The phantom clawed at him, and he jumped back. Ajandor rushed in and drove his point into the shadow's flank.
The creature spun, reared on its hind legs like a bear, and raked at Ajandor with talons grown long as daggers. Scarcely giving an inch of ground, the knight met the shadow's attack with savage stop cuts. At least his blade seemed to be biting something solid, though whether it was doing the phantom any real harm was impossible to say.
Kevin could tell that his master was trying to get inside the shadow's reach for another stroke to the head or torso, where, perhaps, some vital organs resided, but the creature was holding him back. For his part, the squire couldn't hurt the phantom, but perhaps he could distract it. Yelling at the top of his lungs, he charged and beat at it.
The shadow whirled, loomed above him like a mountain about to give birth to an avalanche, then it jerked, and the point of Gray Dancer popped out of its belly. Ajandor had seized his opportunity to bury the mithral weapon in its back. The cat toppled, and Kevin scrambled aside to keep it from dropping on top of him.
Panting, his heart pounding, the squire was content to stand clear and hope that the shadow wouldn't get up again, but Ajandor was not. Seemingly contemptuous of the cat's flailing limbs, he kept on attacking. The shadow stopped moving and still he hacked at it, until the body abruptly melted away to nothing.
Only then did Ajandor turn to Kevin. The knight's eyes had gone from dull and dazed to fierce and hard.
"Are you all right?" Kevin asked. The collar of his tattered cloak chose that moment to tear completely apart, dumping the garment around his boots.
"Yes." Ajandor inspected his blade of "true silver," only to find that, except for drops of rainwater, it didn't need cleaning. The phantom hadn't possessed any blood to foul it. "Let's move on."
"Move on?
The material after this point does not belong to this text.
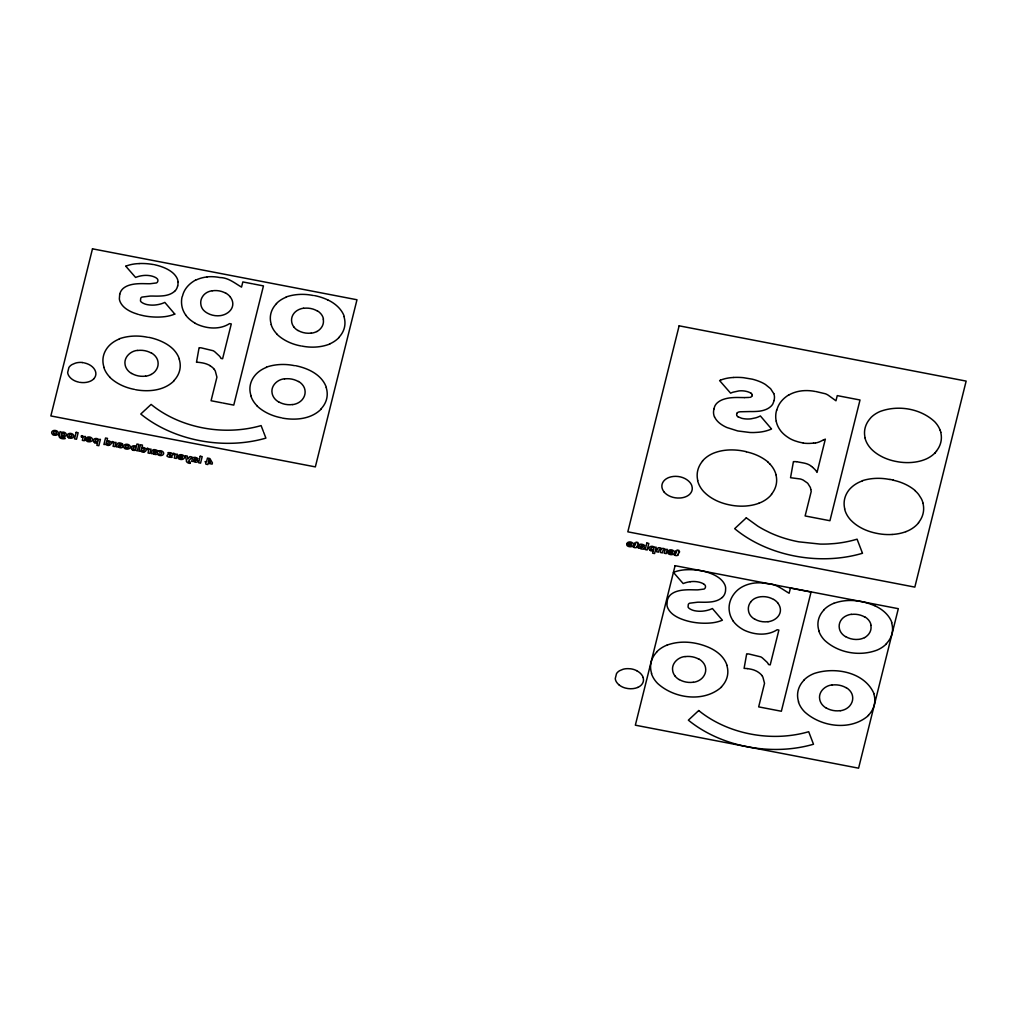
<?xml version="1.0" encoding="UTF-8"?>
<svg xmlns="http://www.w3.org/2000/svg" width="1017" height="1017" viewBox="0 0 1017 1017"><rect width="100%" height="100%" fill="white"/><g stroke="black" fill="none" stroke-linecap="round" stroke-linejoin="round"><path stroke-width="1.5" d="M190.065 463.18L190.141 461.947A2.123 1.538 7.5 0 1 189.48 461.909L188.908 461.68M81.424 435.607L81.195 436.852A2.098 1.513 7.5 0 1 81.716 436.916M112.137 441.518L111.908 442.776A2.098 1.513 7.5 0 1 112.429 442.827A1.449 1.042 7.5 0 1 113.612 444.073L113.04 446.285L115.01 446.654L116.078 442.37L114.031 442.624M147.109 448.255L146.88 449.514A2.098 1.513 7.5 0 1 147.389 449.565A1.449 1.042 7.5 0 1 148.584 450.811L148.012 453.01L149.982 453.391L151.05 449.094L148.99 449.361M173.373 453.315L173.144 454.574A2.098 1.513 7.5 0 1 173.665 454.624A1.449 1.042 7.5 0 1 174.848 455.87L174.276 458.07L176.246 458.451L177.314 454.154L175.267 454.421A1.996 1.449 7.5 0 0 174.721 453.747A1.742 1.259 7.5 0 0 173.805 453.353M713.845 408.999L714.824 406.126A17.734 12.814 7.5 0 1 716.921 403.177L718.167 402.122A19.984 14.454 7.5 0 1 722.68 399.617L724.74 398.944A28.247 20.429 7.5 0 1 730.231 397.85L732.176 397.672A51.918 37.527 7.5 0 1 739.753 397.52L744.355 397.596M119.714 294.116L119.358 298.884A17.683 12.789 7.5 0 0 120.337 302.202A21.395 15.471 7.5 0 0 125.663 308.507A29.213 21.115 7.5 0 0 134.13 313.007L138.465 314.482M667.305 600.246L666.961 605.026A17.683 12.789 7.5 0 0 667.94 608.344A21.395 15.471 7.5 0 0 673.267 614.637A29.213 21.115 7.5 0 0 681.733 619.137A44.837 32.417 7.5 0 0 691.624 621.972A51.257 37.057 7.5 0 0 707.997 623.167L710.031 623.04A33.536 24.243 7.5 0 0 722.388 620.217L712.409 608.535A25.158 18.192 7.5 0 1 704.26 610.95A20.607 14.899 7.5 0 1 694.827 610.772A12.268 8.861 7.5 0 1 689.806 608.827L688.801 608.077A4.195 3.038 7.5 0 1 688.064 606.971L688.306 604.378A4.373 3.165 7.5 0 1 689.539 603.221L697.738 602.191A101.662 73.504 7.5 0 1 701.666 602.217L702.544 602.229A52.553 37.998 7.5 0 0 709.841 602.026A22.336 16.145 7.5 0 0 717.074 600.513A18.344 13.259 7.5 0 0 722.134 597.487M774.14 400.507L772.856 403.876A16.895 12.217 7.5 0 1 771.229 406.05L770.072 407.067A19.31 13.958 7.5 0 1 765.941 409.495L764.174 410.131A23.315 16.857 7.5 0 1 759.063 411.211L757.385 411.364A53.456 38.646 7.5 0 1 750.292 411.542L740.084 411.783A6.979 5.047 7.5 0 0 739.232 411.923A4.03 2.911 7.5 0 0 737.198 412.889M59.126 435.467L60.092 431.577L61.821 432.492A1.932 1.398 7.5 0 1 62.8 432.149A2.72 1.958 7.5 0 1 63.779 432.174A3.115 2.25 7.5 0 1 66.207 434.92A3.115 2.25 7.5 0 1 62.8 436.611A2.314 1.665 7.5 0 1 61.084 435.746L61.007 436.496A1.538 1.119 7.5 0 0 61.223 436.929L62.024 437.412A3.089 2.237 7.5 0 0 63.486 437.564A2.962 2.136 7.5 0 0 64.541 437.348L65.266 438.543A4.589 3.318 7.5 0 1 63.918 438.759A5.39 3.903 7.5 0 1 60.6 438.213A3.394 2.454 7.5 0 1 59.177 435.479M97.492 442.789L96.869 445.332L98.827 445.713L100.416 439.344L98.407 439.509A2.517 1.818 7.5 0 0 97.721 438.912A2.314 1.678 7.5 0 0 96.793 438.53A3.178 2.301 7.5 0 0 93.437 439.764A3.178 2.301 7.5 0 0 94.606 442.56M193.599 461.311L191.679 461.426L192.226 459.264A6.077 4.386 7.5 0 1 192.62 458.273A2.25 1.627 7.5 0 1 194.209 457.37A4.157 3 7.5 0 1 195.531 457.536M638.841 546.078L638.307 548.239L640.227 548.138A1.487 1.068 7.5 0 0 640.748 548.621M654.173 547.349L656.181 547.184L654.592 553.553L652.622 553.172L653.257 550.629A2.276 1.64 7.5 0 1 651.414 550.871A2.784 2.009 7.5 0 1 650.244 550.528M657.262 549.116L656.601 551.773L658.571 552.142L659.156 549.803A3.115 2.25 7.5 0 1 659.283 549.46L660.834 549.383L660.427 552.498L662.398 552.879L663.186 550.044L664.711 550.21A1.564 1.131 7.5 0 1 664.826 550.807L664.228 553.235L666.211 553.617L667.279 549.32L665.22 549.549A2.136 1.538 7.5 0 0 663.275 548.455L662.982 548.417A1.856 1.348 7.5 0 0 661.597 548.875A2.339 1.691 7.5 0 0 660.974 548.188A2.009 1.449 7.5 0 0 660.338 547.896L660.198 547.845A3.102 2.237 7.5 0 0 659.575 547.731L659.169 547.705M677.97 554.392L679.648 551.71L678.708 551.519L678.987 550.4L677.055 550.019L676.775 551.15L675.364 550.883L675.097 551.939L676.508 552.218L675.199 554.316A1.653 1.195 7.5 0 1 674.64 554.138L674.36 555.168M811.134 491.808L805.121 515.95L829.936 520.729L860.013 399.999L837.258 395.613L835.961 400.8L828.245 395.219A12.852 9.293 7.5 0 0 825.346 393.757L815.965 391.558M633.362 547.26L633.642 546.231M776.619 410.105L776.073 412.444A43.884 31.73 7.5 0 0 775.92 419.538L776.162 421.013M771.649 494.364L770.123 496.067A36.917 26.684 7.5 0 1 761.136 502.334L758.847 503.25M936.543 451.205L934.954 452.972M918.643 522.776L917.118 524.48A36.904 26.684 7.5 0 1 908.13 530.747L905.842 531.662M702.442 461.019L704.12 459.252A35.62 25.756 7.5 0 1 713.171 453.315L715.498 452.451A38.671 27.968 7.5 0 1 727.371 450.061L729.647 449.934A45.6 32.976 7.5 0 1 743.007 450.989L746.313 451.662M935.017 452.908L935.068 452.857A35.684 25.806 7.5 0 1 926.373 458.921L924.084 459.837A37.616 27.192 7.5 0 1 912.503 462.379L911.13 462.506A41.811 30.23 7.5 0 1 898.24 461.858L895.011 461.248A41.672 30.129 7.5 0 1 882.909 457.192L880.608 455.985A38.176 27.599 7.5 0 1 871.48 449.234L870.794 448.497A34.985 25.298 7.5 0 1 865.594 439.992L864.92 437.831M173.958 380.892C164.042 390.706 148.724 392.053 135.617 389.727M320.952 409.304C311.037 419.118 295.718 420.466 282.612 418.14M721.549 687.022C703.917 702.734 674.246 698.692 657.605 683.411A35.175 25.425 7.5 0 1 651.427 673.508M868.543 715.434C850.911 731.147 821.24 727.104 804.6 711.836A35.188 25.438 7.5 0 1 798.421 701.921M145.622 409.508L140.778 414.021A108.794 78.652 7.5 0 0 265.907 438.111L263.657 432.25M146.257 408.923L151.113 404.41A96.984 70.122 7.5 0 0 173.081 418.203A94.505 68.33 7.5 0 0 232.728 430.102A97.022 70.135 7.5 0 0 261.102 425.589L263.352 431.475M788.976 394.927L790.781 393.973A31.095 22.476 7.5 0 1 799.82 391.138L802.121 390.808A32.239 23.302 7.5 0 1 815.291 391.469M823.452 439.954L825.334 439.153L817.045 472.397A18.052 13.056 7.5 0 0 814.681 469.244L812.634 467.362M823.3 440.03L820.147 441.556A17.963 12.992 7.5 0 1 815.85 442.929L815.558 442.929M720.519 380.205L719.604 380.587L730.587 393.159L731.477 392.791A21.98 15.891 7.5 0 1 733.104 392.181L738.876 390.935A16.539 11.962 7.5 0 1 739.918 390.846L740.376 390.82A16.539 11.962 7.5 0 1 744.355 391.011L745.143 391.138A16.768 12.128 7.5 0 1 745.614 391.227L746.91 391.52A12.84 9.28 7.5 0 1 748.372 391.977L748.982 392.219A11.835 8.556 7.5 0 1 749.796 392.575L750.152 392.753A10.818 7.818 7.5 0 1 750.635 393.02L750.749 393.083M667.152 645.083C680.996 639.998 696.759 641.892 709.98 647.943A36.701 26.544 7.5 0 1 720.316 654.872A34.947 25.272 7.5 0 1 726.952 665.22M833.927 603.297C847.314 598.39 862.53 600.221 875.319 606.056M862.492 480.863L860.179 481.753A35.646 25.768 7.5 0 0 851.14 487.677L849.437 489.431A40.172 29.035 7.5 0 0 844.758 508.932M85.949 440.247L87.475 439.891A1.614 1.17 7.5 0 0 87.92 440.31M284.493 378.807C277.438 379.379 270.509 385.863 272.136 393.325A18.128 13.107 7.5 0 0 274.209 398.028A15.687 11.34 7.5 0 0 278.594 401.918M832.097 684.937C825.041 685.509 818.113 692.005 819.74 699.454A18.128 13.107 7.5 0 0 821.812 704.158A15.687 11.34 7.5 0 0 826.198 708.061M137.498 350.382C130.443 350.954 123.515 357.45 125.142 364.912A18.128 13.107 7.5 0 0 127.214 369.616A15.687 11.34 7.5 0 0 131.6 373.506M685.102 656.524C678.047 657.096 671.118 663.592 672.746 671.042A18.128 13.107 7.5 0 0 674.818 675.746M815.164 442.98L813.575 443.158M748.855 397.444L744.508 397.596M892.125 534.472L894.019 534.319A38.76 28.031 7.5 0 0 905.855 531.688M733.308 377.46L735.952 377.371A48.956 35.392 7.5 0 1 743.376 377.676L752.364 379.188A40.883 29.557 7.5 0 1 759.14 381.362L761.199 382.227A30.841 22.298 7.5 0 1 765.47 384.528L770.581 388.685L773.746 393.592M794.213 461.604L793.413 461.642L790.54 477.71L800.341 478.982A15.102 10.92 7.5 0 1 803.125 480.037L807.409 482.999A13.018 9.407 7.5 0 1 807.867 483.469L810.307 487.372A8.899 6.433 7.5 0 1 810.574 488.351L810.816 489.495M794.582 461.591L796.489 461.693M82.237 362.573L83.559 362.751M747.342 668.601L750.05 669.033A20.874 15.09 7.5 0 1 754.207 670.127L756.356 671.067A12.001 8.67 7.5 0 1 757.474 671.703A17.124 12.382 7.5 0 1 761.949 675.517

After a fight, if it's practical, a warrior always rests and recovers his strength. You taught me that."
"Don't throw my own words back in my face."
"I'm just saying… look, further wandering may be a bad idea. We've just seen that the survivors told us the truth. Tilverton is haunted. We should-"
Ajandor turned away, his patched, faded war cloak swinging, and headed up the street. Kevin mouthed a silent curse, snatched up his ruined mantle, threw it around his shoulders like a beggar's rag, and hurried after him.
They prowled until darkness began to envelop the city, creeping up on them as stealthily as the shadow cat, or so it seemed to Kevin. With the sun hidden behind the perpetual gray cloud cover, he had seen no hint of its setting.
"We should get back to the horses," he said, "and make camp for the night."
Ajandor shook his head. "I want to walk."
The mounts need care, assuming that some horror hasn't killed them already."
"You can tend them. It is part of your duties, is it not?"
"Yes. Still, what's the point of searching for Pelethen"- Ajandor flinched almost imperceptibly at his son's name-"in the dark? You could march right past his body and never notice."
"I still feel like wandering."
"But the shadows will be more active in the dark, for that's the way of shadows, and without a single light burning anywhere about the streets, you'll never see them coming. They'll kill you before you can even lift your sword!"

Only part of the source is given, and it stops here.